Songlines of the Lurujarri Heritage Trail

By AG STAFF May 28, 2014
Reading Time: < 1 Print this page
The Lurujarri Heritage Trail is an opportunity to experience Aboriginal connection to country.

LURUJARRI MEANS ‘coastal dunes’ and it is pronounced ‘Looroo-jaree’ with an emphasis on the first syllable.

The songline that the Lurujarri Heritage Trail meanders along is a kind of oral heritage map that follows the journey of the creation emu-like being, Marella. Stories told along the songline contain the ‘law’ for living.
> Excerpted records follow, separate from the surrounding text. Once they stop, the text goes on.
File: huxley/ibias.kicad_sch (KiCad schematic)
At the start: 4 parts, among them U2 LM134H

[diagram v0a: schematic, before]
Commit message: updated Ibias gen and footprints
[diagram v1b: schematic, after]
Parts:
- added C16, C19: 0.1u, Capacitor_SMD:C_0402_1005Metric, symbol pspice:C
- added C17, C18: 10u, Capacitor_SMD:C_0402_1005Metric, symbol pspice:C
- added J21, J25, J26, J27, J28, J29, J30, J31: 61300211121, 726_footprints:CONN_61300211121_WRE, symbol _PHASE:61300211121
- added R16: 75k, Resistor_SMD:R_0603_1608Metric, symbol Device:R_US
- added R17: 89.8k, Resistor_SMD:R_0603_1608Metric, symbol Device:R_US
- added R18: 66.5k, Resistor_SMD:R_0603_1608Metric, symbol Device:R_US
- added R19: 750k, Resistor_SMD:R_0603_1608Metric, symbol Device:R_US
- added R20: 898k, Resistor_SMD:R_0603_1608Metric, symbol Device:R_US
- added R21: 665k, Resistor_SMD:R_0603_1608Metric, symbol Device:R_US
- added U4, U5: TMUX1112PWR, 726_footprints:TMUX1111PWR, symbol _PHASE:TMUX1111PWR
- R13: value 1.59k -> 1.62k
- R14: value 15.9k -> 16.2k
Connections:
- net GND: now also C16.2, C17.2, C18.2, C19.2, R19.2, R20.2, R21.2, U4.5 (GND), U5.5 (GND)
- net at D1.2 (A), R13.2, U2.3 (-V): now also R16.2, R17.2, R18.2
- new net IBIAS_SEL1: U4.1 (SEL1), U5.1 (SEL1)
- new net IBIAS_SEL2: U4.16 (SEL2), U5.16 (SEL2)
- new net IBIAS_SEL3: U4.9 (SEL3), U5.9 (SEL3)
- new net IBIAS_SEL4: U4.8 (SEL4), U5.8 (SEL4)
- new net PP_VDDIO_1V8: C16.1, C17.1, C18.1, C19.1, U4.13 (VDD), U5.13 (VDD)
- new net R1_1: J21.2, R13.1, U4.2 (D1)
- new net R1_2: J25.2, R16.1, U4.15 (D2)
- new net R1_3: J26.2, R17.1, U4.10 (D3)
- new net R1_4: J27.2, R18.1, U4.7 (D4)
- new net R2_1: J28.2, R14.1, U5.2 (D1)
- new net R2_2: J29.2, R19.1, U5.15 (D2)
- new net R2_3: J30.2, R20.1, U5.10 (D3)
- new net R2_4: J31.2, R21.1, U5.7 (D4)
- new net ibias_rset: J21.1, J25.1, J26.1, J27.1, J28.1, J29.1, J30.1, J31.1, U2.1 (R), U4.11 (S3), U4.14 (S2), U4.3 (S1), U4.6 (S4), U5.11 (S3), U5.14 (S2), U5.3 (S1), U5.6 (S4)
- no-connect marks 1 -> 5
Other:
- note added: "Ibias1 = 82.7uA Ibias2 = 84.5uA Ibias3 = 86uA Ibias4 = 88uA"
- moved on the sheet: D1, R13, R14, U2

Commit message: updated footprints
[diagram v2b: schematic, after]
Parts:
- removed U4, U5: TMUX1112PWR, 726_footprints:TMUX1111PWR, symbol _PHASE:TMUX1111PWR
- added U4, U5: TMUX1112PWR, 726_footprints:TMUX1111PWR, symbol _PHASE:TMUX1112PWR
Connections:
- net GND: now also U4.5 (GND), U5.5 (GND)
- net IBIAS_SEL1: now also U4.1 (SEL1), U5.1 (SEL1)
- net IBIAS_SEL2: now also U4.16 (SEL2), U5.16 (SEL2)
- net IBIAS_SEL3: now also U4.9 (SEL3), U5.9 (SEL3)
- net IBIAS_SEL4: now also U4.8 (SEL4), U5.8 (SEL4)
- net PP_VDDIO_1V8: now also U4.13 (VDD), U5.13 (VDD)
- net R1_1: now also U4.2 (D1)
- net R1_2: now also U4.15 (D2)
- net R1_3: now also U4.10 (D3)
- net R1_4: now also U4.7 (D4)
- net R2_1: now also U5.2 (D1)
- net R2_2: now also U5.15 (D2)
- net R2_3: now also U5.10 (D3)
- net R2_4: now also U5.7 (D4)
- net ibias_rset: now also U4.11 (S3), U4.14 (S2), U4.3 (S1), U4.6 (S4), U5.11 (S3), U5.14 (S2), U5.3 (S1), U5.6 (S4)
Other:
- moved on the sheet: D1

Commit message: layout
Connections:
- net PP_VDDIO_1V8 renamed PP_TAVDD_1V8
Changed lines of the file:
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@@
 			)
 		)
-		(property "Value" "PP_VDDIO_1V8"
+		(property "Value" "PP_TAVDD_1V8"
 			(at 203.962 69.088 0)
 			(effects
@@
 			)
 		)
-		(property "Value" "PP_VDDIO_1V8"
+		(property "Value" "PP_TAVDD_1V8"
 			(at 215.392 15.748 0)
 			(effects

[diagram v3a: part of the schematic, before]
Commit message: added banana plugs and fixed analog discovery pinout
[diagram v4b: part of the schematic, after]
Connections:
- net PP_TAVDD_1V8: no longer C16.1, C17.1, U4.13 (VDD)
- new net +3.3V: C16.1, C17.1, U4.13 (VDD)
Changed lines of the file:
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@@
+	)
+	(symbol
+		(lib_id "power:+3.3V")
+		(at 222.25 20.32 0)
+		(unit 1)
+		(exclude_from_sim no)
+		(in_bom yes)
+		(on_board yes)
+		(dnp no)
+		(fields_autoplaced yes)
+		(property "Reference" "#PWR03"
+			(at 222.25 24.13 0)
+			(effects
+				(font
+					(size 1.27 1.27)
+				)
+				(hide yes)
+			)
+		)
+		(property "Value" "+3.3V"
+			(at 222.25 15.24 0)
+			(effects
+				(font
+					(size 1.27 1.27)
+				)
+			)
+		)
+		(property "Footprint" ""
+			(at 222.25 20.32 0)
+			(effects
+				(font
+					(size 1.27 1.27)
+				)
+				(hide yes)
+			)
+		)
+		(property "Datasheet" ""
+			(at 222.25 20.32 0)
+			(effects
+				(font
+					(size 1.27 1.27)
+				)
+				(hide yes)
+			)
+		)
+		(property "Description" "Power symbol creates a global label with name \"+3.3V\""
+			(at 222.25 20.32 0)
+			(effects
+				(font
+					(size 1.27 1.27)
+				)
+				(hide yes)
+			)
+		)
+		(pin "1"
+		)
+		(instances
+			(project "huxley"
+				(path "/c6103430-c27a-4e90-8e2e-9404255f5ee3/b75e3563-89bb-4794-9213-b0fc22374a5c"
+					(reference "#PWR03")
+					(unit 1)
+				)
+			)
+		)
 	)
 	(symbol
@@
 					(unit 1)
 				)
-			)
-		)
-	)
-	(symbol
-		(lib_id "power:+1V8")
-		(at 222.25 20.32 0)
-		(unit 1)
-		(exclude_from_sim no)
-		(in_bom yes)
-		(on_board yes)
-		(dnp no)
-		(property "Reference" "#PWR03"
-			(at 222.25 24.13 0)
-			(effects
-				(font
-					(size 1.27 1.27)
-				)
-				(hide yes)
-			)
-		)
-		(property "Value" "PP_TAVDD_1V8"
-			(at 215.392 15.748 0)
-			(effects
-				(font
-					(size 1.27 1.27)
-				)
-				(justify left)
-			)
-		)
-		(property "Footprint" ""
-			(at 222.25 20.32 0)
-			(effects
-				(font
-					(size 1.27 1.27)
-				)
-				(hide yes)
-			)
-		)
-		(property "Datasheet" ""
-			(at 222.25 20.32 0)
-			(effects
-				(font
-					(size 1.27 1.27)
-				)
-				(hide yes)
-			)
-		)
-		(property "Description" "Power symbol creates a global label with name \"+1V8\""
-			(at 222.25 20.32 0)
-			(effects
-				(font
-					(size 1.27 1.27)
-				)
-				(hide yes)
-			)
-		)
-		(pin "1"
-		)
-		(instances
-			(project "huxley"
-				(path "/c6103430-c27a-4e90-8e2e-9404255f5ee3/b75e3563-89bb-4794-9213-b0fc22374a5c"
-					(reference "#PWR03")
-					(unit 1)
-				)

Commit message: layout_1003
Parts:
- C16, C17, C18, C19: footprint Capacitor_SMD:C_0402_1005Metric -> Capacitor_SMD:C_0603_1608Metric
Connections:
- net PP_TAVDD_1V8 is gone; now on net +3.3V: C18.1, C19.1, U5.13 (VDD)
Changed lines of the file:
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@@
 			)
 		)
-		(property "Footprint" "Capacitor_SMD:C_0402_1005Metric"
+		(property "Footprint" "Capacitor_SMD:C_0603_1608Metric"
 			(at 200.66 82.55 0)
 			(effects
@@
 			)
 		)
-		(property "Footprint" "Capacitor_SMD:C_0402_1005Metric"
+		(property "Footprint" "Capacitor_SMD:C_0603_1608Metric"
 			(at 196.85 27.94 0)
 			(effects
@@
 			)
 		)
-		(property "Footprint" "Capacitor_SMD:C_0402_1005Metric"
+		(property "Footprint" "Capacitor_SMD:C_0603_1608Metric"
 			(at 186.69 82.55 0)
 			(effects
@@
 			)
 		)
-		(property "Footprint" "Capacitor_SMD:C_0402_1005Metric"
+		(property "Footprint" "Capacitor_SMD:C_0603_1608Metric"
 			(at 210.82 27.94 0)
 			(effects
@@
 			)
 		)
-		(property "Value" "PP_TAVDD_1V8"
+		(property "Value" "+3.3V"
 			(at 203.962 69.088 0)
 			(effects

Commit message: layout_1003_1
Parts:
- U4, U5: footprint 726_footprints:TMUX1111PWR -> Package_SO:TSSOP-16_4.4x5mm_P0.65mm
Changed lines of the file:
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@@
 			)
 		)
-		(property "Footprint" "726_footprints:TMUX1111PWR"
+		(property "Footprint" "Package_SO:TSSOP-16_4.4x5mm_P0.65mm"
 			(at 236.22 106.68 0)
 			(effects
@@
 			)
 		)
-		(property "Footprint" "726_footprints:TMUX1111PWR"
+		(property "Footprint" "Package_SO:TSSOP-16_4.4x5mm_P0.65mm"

Volunteers, Goolarabooloo people and walkers travel the route annually. It takes nine days and covers 82km, mostly following the coastline north of Broome, WA.

Walkers move leisurely through dunes, bush, mangroves and salt plains, as stories are told by the local Goolarabooloo community who run the walk.

Lurujarri walking notes

There are many opportunities to help with hunting and gathering. Cooking is done on campfires and washing is done in the sea. A truck transports gear to campsites that have been in use for millennia.

The itinerary is dependent on weather, hunting, tides and the group number. Walked in dry season, maximum daytime temperatures average 30ºC, and nights are cool.

In the middle of the year, cockatoos and brolgas feed on bush onions. Osprey, honey-eaters and red-winged parrots are likely to be breeding.

Black kites may be seen over the dunes, when the salmon are running. Lizards are generally hibernating but you may see fat pelicans, kangaroos and dugong. Humpback whales can often be seen migrating north.